Whole zone is situated north of Jetrichovické skály (Jetrichovické rocks), in the north-west is ended up by state border, that is formed by river Krinice, in the west this zone links up to Vysoká Lípa and Czech road (leading from Vysoká Lípa to former village by state border Zadní Jetrichovice - Hinder Jetrichovice), and in the north it borders with zone Kyjovské udolí (Kyjov´s valley). Towers are dispersed in the rocky ridges and dingles of far-reaching wood complex of east edge of Czech Switzerland. This zone creates large rocky labyrinth with difficult orientation, where is usual to look for single towers. Not high towers are from soft sandstone (prohibition of climbing in wet).

Real starting-point is former hunting-manor Na Tokáni. You can get there on foot by branching line from road Dolní Chribská - Doubice or by tourists marked paths from Jetrichovice (bus station) or Rynartice (bus station). Into the west part of this zone is favourable access from Czech road (bus station Vysoká Lípa-lower inn), into the north part is possible access from Doubice along Doubická cesta (Doubická road). Zone is part of protected area Elbe´s sandstones and national park Czech Switzerland. Camping isn´t allowed. Because of occurrence of hardly protected animals the climbing is restricted in spring and summer in area about 1 km along river Krinice. Telephone is accessible in surrounding villages, in season also in Na Tokáni.

 

KYJOVSKÉ ÚDOLÍ (KYJOV´S VALLEY)

Rock-towers of the northest region of Czech-Saxon Switzerland are disbanded in romantic dingles and ridges of far-reaching complex, its backbone is representing by Kyjov valley with river Krinice. In the south this zone borders with zone Tokán, in the east and north this zone is circumscribed by road between Kyjov (bus station), Vlcí hora (Wolfish hill) (bus station), Brtníky (bus and train station) and Kopec. These villages and municipalities are also starting-points into this zone. State border leading along Bílý potok (White brook) and then along Krinice encloses this zone in the west.

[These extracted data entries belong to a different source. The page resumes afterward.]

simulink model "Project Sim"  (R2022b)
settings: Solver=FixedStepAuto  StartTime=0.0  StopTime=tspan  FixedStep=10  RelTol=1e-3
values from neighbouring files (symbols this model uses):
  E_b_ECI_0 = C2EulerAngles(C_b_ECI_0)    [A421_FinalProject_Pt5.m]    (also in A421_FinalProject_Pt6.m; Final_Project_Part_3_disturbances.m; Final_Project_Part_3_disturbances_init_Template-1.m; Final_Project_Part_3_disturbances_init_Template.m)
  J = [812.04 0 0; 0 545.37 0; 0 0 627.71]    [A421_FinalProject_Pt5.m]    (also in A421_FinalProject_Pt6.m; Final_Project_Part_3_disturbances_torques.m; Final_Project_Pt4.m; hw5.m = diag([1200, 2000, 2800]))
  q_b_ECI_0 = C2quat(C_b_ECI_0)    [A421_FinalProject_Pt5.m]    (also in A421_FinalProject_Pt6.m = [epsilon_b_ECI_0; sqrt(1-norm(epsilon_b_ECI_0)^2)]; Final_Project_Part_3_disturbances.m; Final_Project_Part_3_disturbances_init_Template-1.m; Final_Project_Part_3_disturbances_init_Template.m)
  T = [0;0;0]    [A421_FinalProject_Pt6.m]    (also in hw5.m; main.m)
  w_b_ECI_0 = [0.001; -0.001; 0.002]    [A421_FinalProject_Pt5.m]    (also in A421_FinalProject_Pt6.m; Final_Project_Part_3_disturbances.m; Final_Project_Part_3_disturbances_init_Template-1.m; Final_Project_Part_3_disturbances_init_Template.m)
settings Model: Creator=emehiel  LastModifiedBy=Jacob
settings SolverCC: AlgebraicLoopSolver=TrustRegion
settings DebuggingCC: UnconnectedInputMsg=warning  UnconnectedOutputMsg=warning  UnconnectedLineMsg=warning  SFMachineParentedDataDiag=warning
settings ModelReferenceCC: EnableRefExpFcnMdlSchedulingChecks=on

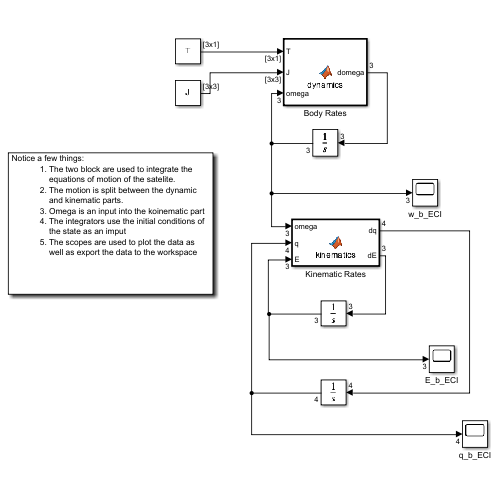
[thumbnail: Simulink's stored preview of the top-level diagram]
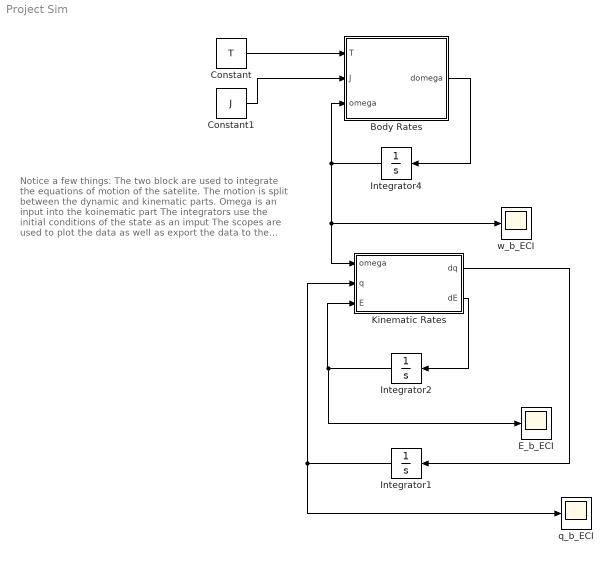
== system Project Sim ==
  note: Notice a few things:
      | The two block are used to integrate the equations of motion of the satelite.
      | The motion is split between the dynamic and kinematic parts.
      | Omega is an input into the koinematic part
      | The integrators use the initial conditions of the state as an imput
      | The scopes are used to plot the data as well as export the data to the workspace
  Body Rates : MATLAB Function  TreatAsAtomicUnit=on
  Constant : Constant  Value=T  VectorParams1D=off
  Constant1 : Constant  Value=J
  E_b_ECI : Scope
  Integrator1 : Integrator  InitialCondition=q_b_ECI_0
  Integrator2 : Integrator  InitialCondition=E_b_ECI_0
  Integrator4 : Integrator  InitialCondition=w_b_ECI_0
  Kinematic Rates : MATLAB Function  TreatAsAtomicUnit=on
  q_b_ECI : Scope
  w_b_ECI : Scope
  wires:
  Constant/1 -> Body Rates/1(T)
  Constant1/1 -> Body Rates/2(J)
  Body Rates/1(domega) -> Integrator4/1
  Integrator4/1 -> Body Rates/3(omega), w_b_ECI/1, Kinematic Rates/1(omega)
  Integrator2/1 -> E_b_ECI/1, Kinematic Rates/3(E)
  Integrator1/1 -> q_b_ECI/1, Kinematic Rates/2(q)
  Kinematic Rates/2(dE) -> Integrator2/1
  Kinematic Rates/1(dq) -> Integrator1/1

== matlab function Project Sim/Kinematic Rates ==
  data: omega input; q input; dq output; E input; dE output
function [dq,dE] = kinematics(omega, q, E)
%#codegen

I = eye(3); %Identity

% unpack quaternion
eps1 = q(1);
eps2 = q(2);
eps3 = q(3);
eps = [eps1; eps2; eps3];

eda = q(4);

% compute the derivative of the quaternion components here
             
%Quaternion rates Eq.1.56
eps_cross = [0,  -eps3, eps2;
             eps3,  0, -eps1;
             -eps2, eps1, 0];

deps = 0.5*(eda*I + eps_cross)*omega;
deda = -0.5*eps'*omega;

dq = [deps; deda];

% compute the derivative of the Euler Angle components here
            
%Euler rates
phi = E(1);
theta = E(2);
R = [1 sin(phi)*tan(theta) cos(phi)*tan(theta);
     0     cos(phi)           -sin(phi);
     0 sin(phi)*sec(theta) cos(phi)*sec(theta)];
    
dE = R*omega;


end

== matlab function Project Sim/Body Rates ==
  data: T input; J input; omega input; domega output
function domega = dynamics(T, J, omega)
%#codegen


% Compute the derivative of the angular velocity $\omega$ here

domega = J \ (T - cross(-omega, J*omega));

% phi = omega(1);
% theta = omega(2);
% psi = omega(3);
% 
% %From body to euler rates
% matrix = [1 sin(phi)*tan(theta) cos(phi)*tan(theta);
%           0    cos(phi)            -sin(phi);
%           0 sin(phi)*sec(theta) cos(phi)*sec(theta)];
% 
% domega = matrix * omega;

end

Beyond soft sandstone that constitutes most of towers (prohibition of climbing in wet) we find in the north-east also rock from very hard sandstone (Martin´s tower, Plactivé kameny - Tearful stones). Towers don´t reach great heights. This zone is also part of protected area Elbe´s sandstones and national park Czech Switzerland. In final part of Kyjov´s valley and in valley of White brook is restricted climbing in spring and summer, because of nesting of hardly protected birds. Camping isn´t allowed. Telephone is in surrounding villages, in season also in former hunting-manor Sternberk.

 

 PROTECTION OF NATURE AND ROCK-CLIMBING

(authentic copy to all climbers from chairman of CHS)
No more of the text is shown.